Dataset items
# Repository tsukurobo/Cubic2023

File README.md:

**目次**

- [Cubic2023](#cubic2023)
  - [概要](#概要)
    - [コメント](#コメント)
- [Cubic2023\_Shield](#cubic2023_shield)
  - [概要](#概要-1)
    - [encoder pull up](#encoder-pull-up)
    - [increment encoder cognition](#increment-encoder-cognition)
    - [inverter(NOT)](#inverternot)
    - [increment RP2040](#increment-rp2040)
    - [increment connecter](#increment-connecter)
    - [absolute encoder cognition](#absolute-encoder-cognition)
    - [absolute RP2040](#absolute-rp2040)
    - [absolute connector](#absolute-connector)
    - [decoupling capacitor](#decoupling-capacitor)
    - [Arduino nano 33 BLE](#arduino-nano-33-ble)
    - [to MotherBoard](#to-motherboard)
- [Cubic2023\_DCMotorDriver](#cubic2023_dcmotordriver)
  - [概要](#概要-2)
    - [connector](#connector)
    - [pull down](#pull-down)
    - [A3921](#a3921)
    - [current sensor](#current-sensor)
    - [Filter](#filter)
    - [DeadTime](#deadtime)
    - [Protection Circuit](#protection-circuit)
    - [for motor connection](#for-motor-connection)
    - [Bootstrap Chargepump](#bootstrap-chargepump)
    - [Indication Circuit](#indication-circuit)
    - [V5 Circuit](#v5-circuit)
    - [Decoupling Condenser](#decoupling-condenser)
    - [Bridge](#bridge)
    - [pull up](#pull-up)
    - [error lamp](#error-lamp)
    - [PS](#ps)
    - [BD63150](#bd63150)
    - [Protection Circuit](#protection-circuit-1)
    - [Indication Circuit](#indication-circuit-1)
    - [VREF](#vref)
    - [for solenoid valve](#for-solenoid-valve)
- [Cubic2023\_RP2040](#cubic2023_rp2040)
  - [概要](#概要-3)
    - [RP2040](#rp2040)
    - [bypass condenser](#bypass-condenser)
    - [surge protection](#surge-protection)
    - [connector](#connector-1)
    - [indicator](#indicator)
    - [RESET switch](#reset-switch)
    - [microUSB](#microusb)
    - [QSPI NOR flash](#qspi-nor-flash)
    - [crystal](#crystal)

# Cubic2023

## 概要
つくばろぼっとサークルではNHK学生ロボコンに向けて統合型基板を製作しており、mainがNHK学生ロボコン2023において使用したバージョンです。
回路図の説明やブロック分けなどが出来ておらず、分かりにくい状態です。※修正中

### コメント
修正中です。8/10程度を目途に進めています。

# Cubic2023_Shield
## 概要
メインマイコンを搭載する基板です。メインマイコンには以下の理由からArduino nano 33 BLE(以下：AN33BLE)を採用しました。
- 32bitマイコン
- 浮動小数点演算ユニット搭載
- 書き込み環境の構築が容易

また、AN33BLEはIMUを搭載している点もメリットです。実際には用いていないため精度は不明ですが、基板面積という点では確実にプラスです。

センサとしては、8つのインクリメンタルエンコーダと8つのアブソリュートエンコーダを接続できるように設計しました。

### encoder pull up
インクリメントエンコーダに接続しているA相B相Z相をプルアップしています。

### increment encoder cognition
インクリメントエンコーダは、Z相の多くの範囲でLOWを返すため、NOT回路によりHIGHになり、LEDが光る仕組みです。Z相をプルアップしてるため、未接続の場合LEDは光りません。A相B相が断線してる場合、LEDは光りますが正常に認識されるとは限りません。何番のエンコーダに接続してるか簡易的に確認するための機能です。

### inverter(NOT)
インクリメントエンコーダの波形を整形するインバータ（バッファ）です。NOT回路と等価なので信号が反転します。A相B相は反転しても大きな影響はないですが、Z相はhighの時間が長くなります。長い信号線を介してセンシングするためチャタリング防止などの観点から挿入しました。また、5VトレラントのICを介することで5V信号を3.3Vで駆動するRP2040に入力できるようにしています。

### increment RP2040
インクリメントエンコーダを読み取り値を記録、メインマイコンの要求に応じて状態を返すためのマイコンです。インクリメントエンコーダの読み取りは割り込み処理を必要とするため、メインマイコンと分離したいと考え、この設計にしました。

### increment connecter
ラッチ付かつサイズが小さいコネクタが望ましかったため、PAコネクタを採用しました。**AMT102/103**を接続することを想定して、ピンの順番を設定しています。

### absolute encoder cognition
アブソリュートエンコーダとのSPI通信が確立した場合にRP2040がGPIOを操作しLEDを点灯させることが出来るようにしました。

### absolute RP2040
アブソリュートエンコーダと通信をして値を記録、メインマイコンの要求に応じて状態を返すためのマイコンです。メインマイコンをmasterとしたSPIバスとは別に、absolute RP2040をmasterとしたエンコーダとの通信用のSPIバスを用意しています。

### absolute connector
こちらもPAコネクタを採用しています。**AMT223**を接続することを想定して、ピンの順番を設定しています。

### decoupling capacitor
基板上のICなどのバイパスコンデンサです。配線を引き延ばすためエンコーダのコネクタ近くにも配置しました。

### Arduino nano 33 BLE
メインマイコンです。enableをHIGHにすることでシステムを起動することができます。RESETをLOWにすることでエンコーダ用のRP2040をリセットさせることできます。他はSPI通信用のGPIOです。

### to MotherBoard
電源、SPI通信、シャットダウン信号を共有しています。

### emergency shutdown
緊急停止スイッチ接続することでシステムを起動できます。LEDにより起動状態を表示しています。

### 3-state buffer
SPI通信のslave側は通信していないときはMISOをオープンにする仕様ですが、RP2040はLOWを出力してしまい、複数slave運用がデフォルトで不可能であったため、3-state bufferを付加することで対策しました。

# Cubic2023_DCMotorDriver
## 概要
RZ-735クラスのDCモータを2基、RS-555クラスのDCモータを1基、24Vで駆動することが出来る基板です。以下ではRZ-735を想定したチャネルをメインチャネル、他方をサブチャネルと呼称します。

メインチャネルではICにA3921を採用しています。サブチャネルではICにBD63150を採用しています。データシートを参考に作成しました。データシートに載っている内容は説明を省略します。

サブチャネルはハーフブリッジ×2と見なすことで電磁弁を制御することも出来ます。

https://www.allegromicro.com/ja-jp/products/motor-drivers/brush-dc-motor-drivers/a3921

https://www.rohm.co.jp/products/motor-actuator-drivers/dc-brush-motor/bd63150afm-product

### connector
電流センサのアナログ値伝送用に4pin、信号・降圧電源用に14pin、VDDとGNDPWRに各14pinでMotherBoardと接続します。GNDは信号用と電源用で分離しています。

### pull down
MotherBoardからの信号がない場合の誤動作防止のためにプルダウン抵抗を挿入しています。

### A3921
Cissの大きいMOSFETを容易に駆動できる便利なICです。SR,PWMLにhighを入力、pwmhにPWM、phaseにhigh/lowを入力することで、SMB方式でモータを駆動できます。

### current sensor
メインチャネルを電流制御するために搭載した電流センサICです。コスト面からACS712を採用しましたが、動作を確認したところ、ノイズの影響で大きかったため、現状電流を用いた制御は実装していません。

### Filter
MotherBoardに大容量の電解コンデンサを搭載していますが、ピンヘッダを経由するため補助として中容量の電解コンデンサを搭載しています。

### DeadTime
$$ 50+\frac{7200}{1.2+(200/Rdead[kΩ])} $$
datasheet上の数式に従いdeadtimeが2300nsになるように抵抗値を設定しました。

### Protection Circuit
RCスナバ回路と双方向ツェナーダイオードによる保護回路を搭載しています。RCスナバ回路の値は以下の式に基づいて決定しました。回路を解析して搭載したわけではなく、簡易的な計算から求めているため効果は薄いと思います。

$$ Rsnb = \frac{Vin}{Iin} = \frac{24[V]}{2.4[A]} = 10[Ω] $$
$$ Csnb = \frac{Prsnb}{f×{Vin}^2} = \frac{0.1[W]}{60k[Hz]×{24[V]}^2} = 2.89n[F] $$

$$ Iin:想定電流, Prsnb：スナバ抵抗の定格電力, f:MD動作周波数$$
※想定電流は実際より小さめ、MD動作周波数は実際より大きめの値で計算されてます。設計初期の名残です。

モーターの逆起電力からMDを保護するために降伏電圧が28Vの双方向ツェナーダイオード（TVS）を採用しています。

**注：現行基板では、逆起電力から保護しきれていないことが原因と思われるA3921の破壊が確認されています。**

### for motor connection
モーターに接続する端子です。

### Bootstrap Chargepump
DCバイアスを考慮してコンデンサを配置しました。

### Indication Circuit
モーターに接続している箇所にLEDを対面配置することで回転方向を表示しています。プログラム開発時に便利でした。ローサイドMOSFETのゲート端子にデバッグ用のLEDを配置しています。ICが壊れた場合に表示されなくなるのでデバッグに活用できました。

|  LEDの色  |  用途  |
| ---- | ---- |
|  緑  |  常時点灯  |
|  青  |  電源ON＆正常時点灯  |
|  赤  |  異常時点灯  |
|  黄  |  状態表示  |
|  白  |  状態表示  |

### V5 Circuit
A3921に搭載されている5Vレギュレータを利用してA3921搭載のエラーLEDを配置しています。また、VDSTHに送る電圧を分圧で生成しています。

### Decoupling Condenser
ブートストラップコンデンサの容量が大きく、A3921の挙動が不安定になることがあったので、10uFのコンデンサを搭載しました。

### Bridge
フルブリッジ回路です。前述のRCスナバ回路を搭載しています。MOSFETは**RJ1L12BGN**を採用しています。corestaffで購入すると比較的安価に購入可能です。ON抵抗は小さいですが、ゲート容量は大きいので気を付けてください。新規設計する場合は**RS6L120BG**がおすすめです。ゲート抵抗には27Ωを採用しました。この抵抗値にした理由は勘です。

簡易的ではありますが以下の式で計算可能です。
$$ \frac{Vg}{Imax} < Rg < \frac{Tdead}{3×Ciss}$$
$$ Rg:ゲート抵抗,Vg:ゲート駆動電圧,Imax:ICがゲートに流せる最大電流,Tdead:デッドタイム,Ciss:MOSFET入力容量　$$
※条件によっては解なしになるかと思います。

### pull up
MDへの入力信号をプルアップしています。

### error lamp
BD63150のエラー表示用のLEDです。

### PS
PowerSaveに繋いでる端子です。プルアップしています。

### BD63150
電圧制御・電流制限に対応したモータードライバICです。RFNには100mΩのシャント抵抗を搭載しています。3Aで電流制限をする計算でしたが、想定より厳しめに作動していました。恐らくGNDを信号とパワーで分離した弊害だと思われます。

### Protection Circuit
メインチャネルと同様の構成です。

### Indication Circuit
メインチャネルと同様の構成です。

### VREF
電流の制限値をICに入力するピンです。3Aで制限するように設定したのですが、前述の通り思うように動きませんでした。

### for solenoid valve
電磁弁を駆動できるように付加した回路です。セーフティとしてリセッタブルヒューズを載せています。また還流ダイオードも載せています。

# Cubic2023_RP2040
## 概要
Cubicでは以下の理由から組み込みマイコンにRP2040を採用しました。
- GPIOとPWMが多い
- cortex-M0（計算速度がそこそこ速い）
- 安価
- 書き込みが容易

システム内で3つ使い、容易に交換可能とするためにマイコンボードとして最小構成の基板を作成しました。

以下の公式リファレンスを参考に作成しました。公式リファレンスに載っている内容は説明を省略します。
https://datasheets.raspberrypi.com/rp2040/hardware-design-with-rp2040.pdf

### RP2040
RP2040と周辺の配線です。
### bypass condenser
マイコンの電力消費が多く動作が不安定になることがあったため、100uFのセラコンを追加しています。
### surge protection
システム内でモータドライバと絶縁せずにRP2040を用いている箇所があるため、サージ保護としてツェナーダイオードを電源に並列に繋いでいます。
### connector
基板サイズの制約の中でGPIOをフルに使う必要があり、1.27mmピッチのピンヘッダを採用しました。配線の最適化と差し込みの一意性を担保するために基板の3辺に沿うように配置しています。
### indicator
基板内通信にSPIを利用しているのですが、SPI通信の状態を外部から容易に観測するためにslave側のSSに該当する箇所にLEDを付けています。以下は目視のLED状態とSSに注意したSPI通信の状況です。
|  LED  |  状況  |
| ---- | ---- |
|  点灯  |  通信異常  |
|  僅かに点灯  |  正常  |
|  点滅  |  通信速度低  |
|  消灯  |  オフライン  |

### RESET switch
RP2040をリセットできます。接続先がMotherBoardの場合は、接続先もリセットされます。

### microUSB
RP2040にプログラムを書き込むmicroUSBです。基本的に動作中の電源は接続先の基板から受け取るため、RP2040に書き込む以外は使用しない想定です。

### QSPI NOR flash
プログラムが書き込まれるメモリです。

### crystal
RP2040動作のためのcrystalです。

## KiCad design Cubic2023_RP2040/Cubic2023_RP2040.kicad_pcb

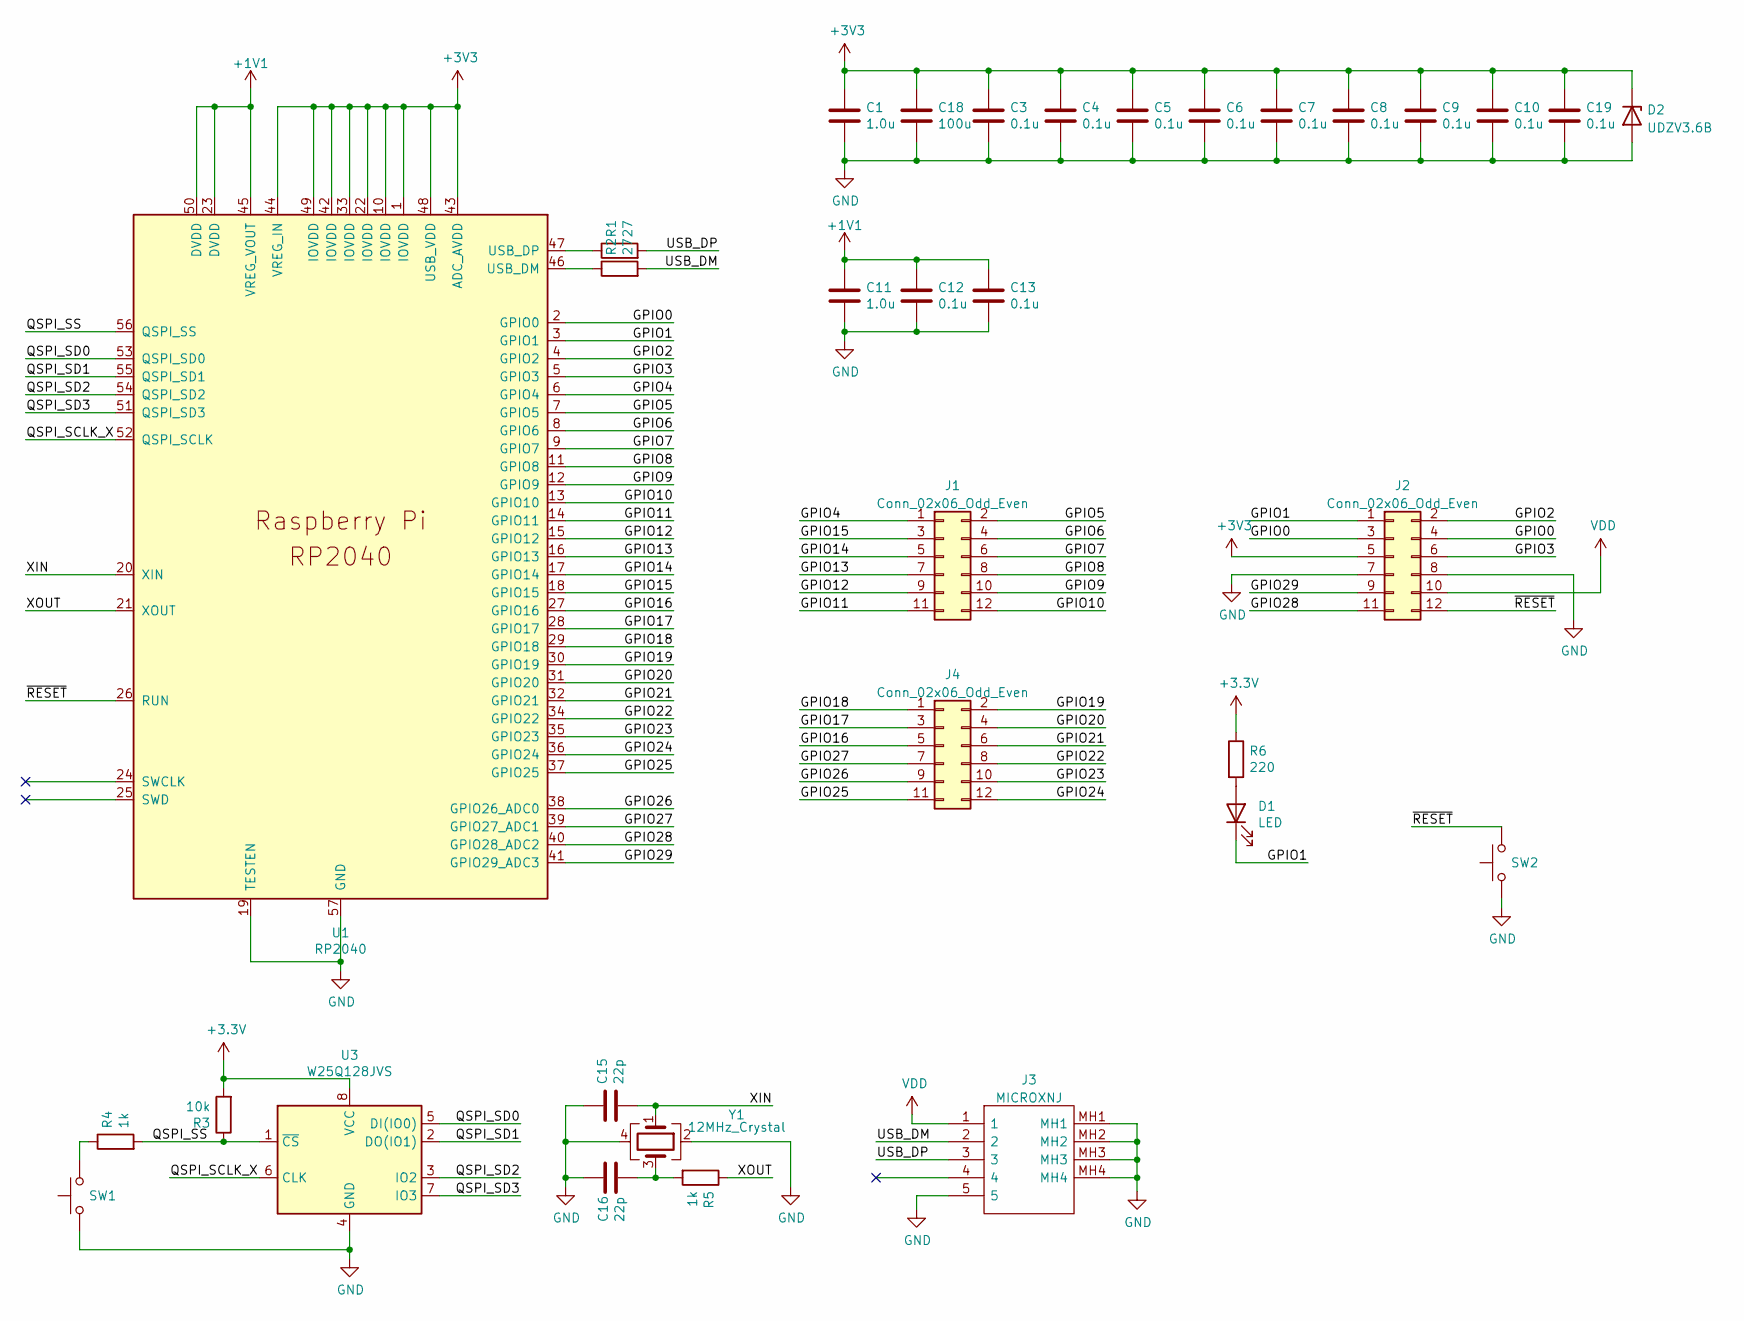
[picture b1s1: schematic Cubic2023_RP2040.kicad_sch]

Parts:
C1, C11: 1.0u; C_0805_2012Metric; LCSC C28323
C3, C4, C5, C6, C7, C8, C9, C10, C12, C13, C19: 0.1u; C_0402_1005Metric_Pad0.74x0.62mm_HandSolder; LCSC C307331
C15, C16: 22p; C_0402_1005Metric_Pad0.74x0.62mm_HandSolder; LCSC C1555
C18: 100u; C_1206_3216Metric; LCSC C15008
D1: LED; LED_0603_1608Metric_Pad1.05x0.95mm_HandSolder; LCSC C72041
D2: UDZV3.6B; D_SOD-323_HandSoldering
J1, J2, J4: Conn_02x06_Odd_Even; PinHeader_2x06_P1.27mm_Vertical
J3: MICROXNJ; Manufacturer_Part_Number MICROXNJ; LCSC C404969
R1, R2: 27; R_0603_1608Metric; LCSC C25190
R3: 10k; R_0603_1608Metric; LCSC C25804
R4, R5: 1k; R_0603_1608Metric; LCSC C21190
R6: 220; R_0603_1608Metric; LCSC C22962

_WORK INSTRUCTION_.
Of the lines above, show those in which "connection" appears.

_RESULT FOR THIS EXERCISE_.
    - [for motor connection](#for-motor-connection)
### for motor connection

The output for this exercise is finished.